La experiencia vital e histórica de los miembros de la Escuela de Frankfurt provocó un giro en su pensamiento. La barbarie sistemática y racionalmente organizada les hizo desconfiar de la capacidad del hombre y especialmente de la razón para lograr construir sociedades justas e igualitarias. Los filósofos ilustrados creían que los problemas de la humanidad  tendrían solución cuando el ser humano fuera capaz de aplicar la razón a todas las esferas de su vida. Su optimista confianza en el progreso humano gracias a la “divina” razón, cargada de elementos míticos, hizo temblar al mundo con armas hasta entonces desconocidas. La Primera y la Segunda Guerras Mundiales, los campos de exterminio nazis, las bombas nucleares mostraron el poder mortífero y maquiavélico de la razón o de la paradójica “racionalización” de la destrucción. ¿Es ese el poder emancipador de la razón? ¿Y qué decir de la alienación de las sociedades neocapitalistas en las que los seres humanos son instrumentalizados en aras del todo poderoso mercado o de las necesidades productivas?

    El fracaso de la razón instrumental es una de las ideas centrales de la Dialéctica de la Ilustración, de Adorno y Horkheimer. Ambos se mostraron profundamente críticos, escépticos y pesimistas frente a la capacidad racional humana.


    2.5. ANÁLISIS CRÍTICO DE LOS TOTALITARISMOS Y DEL NEOCAPITALISMO.

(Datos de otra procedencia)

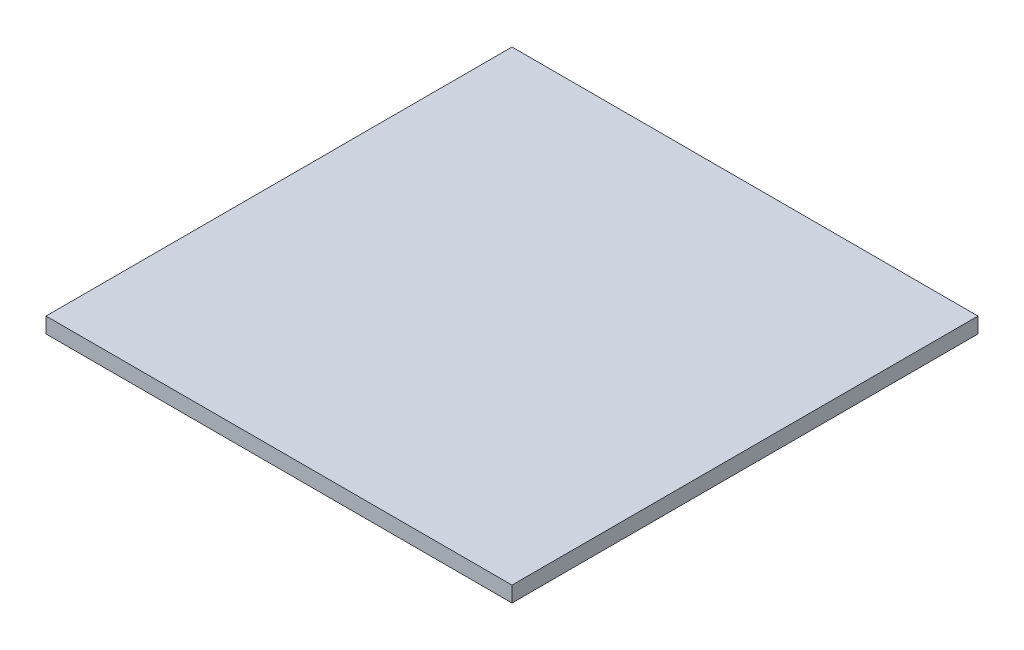
ISO-10303-21;
HEADER;
FILE_DESCRIPTION(('STEP AP214'),'2;1');
FILE_NAME('part.step','',(''),(''),'','','');
FILE_SCHEMA(('AUTOMOTIVE_DESIGN { 1 0 10303 214 1 1 1 1 }'));
ENDSEC;
DATA;
#1=APPLICATION_CONTEXT('core data for automotive mechanical design processes');
#2=APPLICATION_PROTOCOL_DEFINITION('international standard','automotive_design',2000,#1);
#3=PRODUCT_CONTEXT('',#1,'mechanical');
#4=PRODUCT('Part','Part','',(#3));
#5=PRODUCT_RELATED_PRODUCT_CATEGORY('part','',(#4));
#6=PRODUCT_DEFINITION_FORMATION('','',#4);
#7=PRODUCT_DEFINITION_CONTEXT('part definition',#1,'design');
#8=PRODUCT_DEFINITION('design','',#6,#7);
#9=PRODUCT_DEFINITION_SHAPE('','',#8);
#10=(LENGTH_UNIT() NAMED_UNIT(*) SI_UNIT(.MILLI.,.METRE.));
#11=(NAMED_UNIT(*) PLANE_ANGLE_UNIT() SI_UNIT($,.RADIAN.));
#12=(NAMED_UNIT(*) SI_UNIT($,.STERADIAN.) SOLID_ANGLE_UNIT());
#13=UNCERTAINTY_MEASURE_WITH_UNIT(LENGTH_MEASURE(1.E-05),#10,'distance_accuracy_value','');
#14=(GEOMETRIC_REPRESENTATION_CONTEXT(3) GLOBAL_UNCERTAINTY_ASSIGNED_CONTEXT((#13)) GLOBAL_UNIT_ASSIGNED_CONTEXT((#10,
#11,#12)) REPRESENTATION_CONTEXT('',''));
#15=CARTESIAN_POINT('',(0.,0.,0.));
#16=DIRECTION('',(0.,0.,1.));
#17=DIRECTION('',(1.,0.,0.));
#18=AXIS2_PLACEMENT_3D('',#15,#16,#17);
#19=CARTESIAN_POINT('',(150.,10.,150.));
#20=DIRECTION('',(-1.,0.,0.));
#21=DIRECTION('',(0.,0.,1.));
#22=AXIS2_PLACEMENT_3D('',#19,#20,#21);
#23=PLANE('',#22);
#24=DIRECTION('',(0.,0.,-1.));
#25=VECTOR('',#24,1.);
#26=CARTESIAN_POINT('',(150.,0.,150.));
#27=LINE('',#26,#25);
#28=CARTESIAN_POINT('',(150.,0.,150.));
#29=VERTEX_POINT('',#28);
#30=CARTESIAN_POINT('',(150.,0.,-150.));
#31=VERTEX_POINT('',#30);
#32=EDGE_CURVE('E103',#29,#31,#27,.T.);
#33=ORIENTED_EDGE('',*,*,#32,.T.);
#34=DIRECTION('',(0.,-1.,0.));
#35=VECTOR('',#34,1.);
#36=CARTESIAN_POINT('',(150.,10.,-150.));
#37=LINE('',#36,#35);
#38=CARTESIAN_POINT('',(150.,10.,-150.));
#39=VERTEX_POINT('',#38);
#40=EDGE_CURVE('E11',#39,#31,#37,.T.);
#41=ORIENTED_EDGE('',*,*,#40,.F.);
#42=DIRECTION('',(0.,0.,-1.));
#43=VECTOR('',#42,1.);
#44=CARTESIAN_POINT('',(150.,10.,150.));
#45=LINE('',#44,#43);
#46=CARTESIAN_POINT('',(150.,10.,150.));
#47=VERTEX_POINT('',#46);
#48=EDGE_CURVE('E91',#47,#39,#45,.T.);
#49=ORIENTED_EDGE('',*,*,#48,.F.);
#50=DIRECTION('',(0.,-1.,0.));
#51=VECTOR('',#50,1.);
#52=CARTESIAN_POINT('',(150.,10.,150.));
#53=LINE('',#52,#51);
#54=EDGE_CURVE('E99',#47,#29,#53,.T.);
#55=ORIENTED_EDGE('',*,*,#54,.T.);
#56=EDGE_LOOP('',(#33,#41,#49,#55));
#57=FACE_BOUND('',#56,.T.);
#58=ADVANCED_FACE('F40',(#57),#23,.F.);
#59=CARTESIAN_POINT('',(-150.,10.,-150.));
#60=DIRECTION('',(0.,0.,1.));
#61=DIRECTION('',(1.,0.,0.));
#62=AXIS2_PLACEMENT_3D('',#59,#60,#61);
#63=PLANE('',#62);
#64=DIRECTION('',(-1.,0.,0.));
#65=VECTOR('',#64,1.);
#66=CARTESIAN_POINT('',(-150.,0.,-150.));
#67=LINE('',#66,#65);
#68=CARTESIAN_POINT('',(-150.,0.,-150.));
#69=VERTEX_POINT('',#68);
#70=EDGE_CURVE('E95',#31,#69,#67,.T.);
#71=ORIENTED_EDGE('',*,*,#70,.T.);
#72=DIRECTION('',(0.,-1.,0.));
#73=VECTOR('',#72,1.);
#74=CARTESIAN_POINT('',(-150.,10.,-150.));
#75=LINE('',#74,#73);
#76=CARTESIAN_POINT('',(-150.,10.,-150.));
#77=VERTEX_POINT('',#76);
#78=EDGE_CURVE('E48',#77,#69,#75,.T.);
#79=ORIENTED_EDGE('',*,*,#78,.F.);
#80=DIRECTION('',(-1.,0.,0.));
#81=VECTOR('',#80,1.);
#82=CARTESIAN_POINT('',(-150.,10.,-150.));
#83=LINE('',#82,#81);
#84=EDGE_CURVE('E86',#39,#77,#83,.T.);
#85=ORIENTED_EDGE('',*,*,#84,.F.);
#86=ORIENTED_EDGE('',*,*,#40,.T.);
#87=EDGE_LOOP('',(#71,#79,#85,#86));
#88=FACE_BOUND('',#87,.T.);
#89=ADVANCED_FACE('F94',(#88),#63,.F.);
#90=CARTESIAN_POINT('',(-150.,10.,150.));
#91=DIRECTION('',(1.,0.,0.));
#92=DIRECTION('',(0.,0.,-1.));
#93=AXIS2_PLACEMENT_3D('',#90,#91,#92);
#94=PLANE('',#93);
#95=DIRECTION('',(0.,0.,1.));
#96=VECTOR('',#95,1.);
#97=CARTESIAN_POINT('',(-150.,0.,150.));
#98=LINE('',#97,#96);
#99=CARTESIAN_POINT('',(-150.,0.,150.));
#100=VERTEX_POINT('',#99);
#101=EDGE_CURVE('E73',#69,#100,#98,.T.);
#102=ORIENTED_EDGE('',*,*,#101,.T.);
#103=DIRECTION('',(0.,-1.,0.));
#104=VECTOR('',#103,1.);
#105=CARTESIAN_POINT('',(-150.,10.,150.));
#106=LINE('',#105,#104);
#107=CARTESIAN_POINT('',(-150.,10.,150.));
#108=VERTEX_POINT('',#107);
#109=EDGE_CURVE('E96',#108,#100,#106,.T.);
#110=ORIENTED_EDGE('',*,*,#109,.F.);
#111=DIRECTION('',(0.,0.,1.));
#112=VECTOR('',#111,1.);
#113=CARTESIAN_POINT('',(-150.,10.,150.));
#114=LINE('',#113,#112);
#115=EDGE_CURVE('E89',#77,#108,#114,.T.);
#116=ORIENTED_EDGE('',*,*,#115,.F.);
#117=ORIENTED_EDGE('',*,*,#78,.T.);
#118=EDGE_LOOP('',(#102,#110,#116,#117));
#119=FACE_BOUND('',#118,.T.);
#120=ADVANCED_FACE('F97',(#119),#94,.F.);
#121=CARTESIAN_POINT('',(-150.,10.,150.));
#122=DIRECTION('',(0.,0.,-1.));
#123=DIRECTION('',(-1.,0.,0.));
#124=AXIS2_PLACEMENT_3D('',#121,#122,#123);
#125=PLANE('',#124);
#126=DIRECTION('',(1.,0.,0.));
#127=VECTOR('',#126,1.);
#128=CARTESIAN_POINT('',(-150.,0.,150.));
#129=LINE('',#128,#127);
#130=EDGE_CURVE('E79',#100,#29,#129,.T.);
#131=ORIENTED_EDGE('',*,*,#130,.T.);
#132=ORIENTED_EDGE('',*,*,#54,.F.);
#133=DIRECTION('',(1.,0.,0.));
#134=VECTOR('',#133,1.);
#135=CARTESIAN_POINT('',(-150.,10.,150.));
#136=LINE('',#135,#134);
#137=EDGE_CURVE('E56',#108,#47,#136,.T.);
#138=ORIENTED_EDGE('',*,*,#137,.F.);
#139=ORIENTED_EDGE('',*,*,#109,.T.);
#140=EDGE_LOOP('',(#131,#132,#138,#139));
#141=FACE_BOUND('',#140,.T.);
#142=ADVANCED_FACE('F110',(#141),#125,.F.);
#143=CARTESIAN_POINT('',(0.,10.,0.));
#144=DIRECTION('',(0.,-1.,0.));
#145=DIRECTION('',(0.,0.,-1.));
#146=AXIS2_PLACEMENT_3D('',#143,#144,#145);
#147=PLANE('',#146);
#148=ORIENTED_EDGE('',*,*,#48,.T.);
#149=ORIENTED_EDGE('',*,*,#84,.T.);
#150=ORIENTED_EDGE('',*,*,#115,.T.);
#151=ORIENTED_EDGE('',*,*,#137,.T.);
#152=EDGE_LOOP('',(#148,#149,#150,#151));
#153=FACE_BOUND('',#152,.T.);
#154=ADVANCED_FACE('F87',(#153),#147,.F.);
#155=CARTESIAN_POINT('',(0.,0.,0.));
#156=DIRECTION('',(0.,-1.,0.));
#157=DIRECTION('',(0.,0.,-1.));
#158=AXIS2_PLACEMENT_3D('',#155,#156,#157);
#159=PLANE('',#158);
#160=ORIENTED_EDGE('',*,*,#32,.F.);
#161=ORIENTED_EDGE('',*,*,#130,.F.);
#162=ORIENTED_EDGE('',*,*,#101,.F.);
#163=ORIENTED_EDGE('',*,*,#70,.F.);
#164=EDGE_LOOP('',(#160,#161,#162,#163));
#165=FACE_BOUND('',#164,.T.);
#166=ADVANCED_FACE('F113',(#165),#159,.T.);
#167=CLOSED_SHELL('',(#58,#89,#120,#142,#154,#166));
#168=MANIFOLD_SOLID_BREP('B2',#167);
#169=ADVANCED_BREP_SHAPE_REPRESENTATION('',(#18,#168),#14);
#170=SHAPE_DEFINITION_REPRESENTATION(#9,#169);
ENDSEC;
END-ISO-10303-21;

    En un principio los frankfurtianos confiaron en el marxismo como única posibilidad conjugar el ideal proletario de justicia con el ideal liberal de progreso. Reivindicaban al individuo frente a la sociedad capitalista que alienaba al ser humano, reduciéndolo a mero productor y consumidor. Esta crítica pretendía despertar la conciencia del proletariado para luchar contra el totalitarismo y conquistar la emancipación, pero, en los años treinta, los integrantes de la Escuela se percataron de la incapacidad del proletariado para llevar a cabo esta tarea.

    Tras ese momento los de la escuela llegan a la conclusión de que el proletariado ha desaparecido integrándose en la clase media de postguerra, ajena a cualquier tipo de revolución. Además el marxismo ha sido desvirtuado por la práctica totalitaria de los regímenes comunistas, como el implantado por Stalin, donde se ha perdido el ideal de justicia y se han  eliminado las libertades básicas. La teoría crítica se centra, entonces, en la crítica a la creciente despersonalización y cosificación de las sociedades neocapitalistas provocadas por la sociedad de consumo y el control tecnológico. En las sociedades neocapitalistas todo intento de disidencia termina convirtiéndose en una mercancía (ej.: el Che y las camisetas, chapitas, posters.) El nivel de vida sube y, al mismo tiempo, todos estamos más controlados, más sometidos a la burocracia y a un exceso de normatividad. Los medios de comunicación al servicio de los intereses de mercado manipulan las conciencias y fomentan la uniformidad difundiendo una serie de valores, gustos y necesidades que convierten al individuo en un elemento más de la masa. Por todo ello, las sociedades neocapitalistas son una forma encubierta de totalitarismo.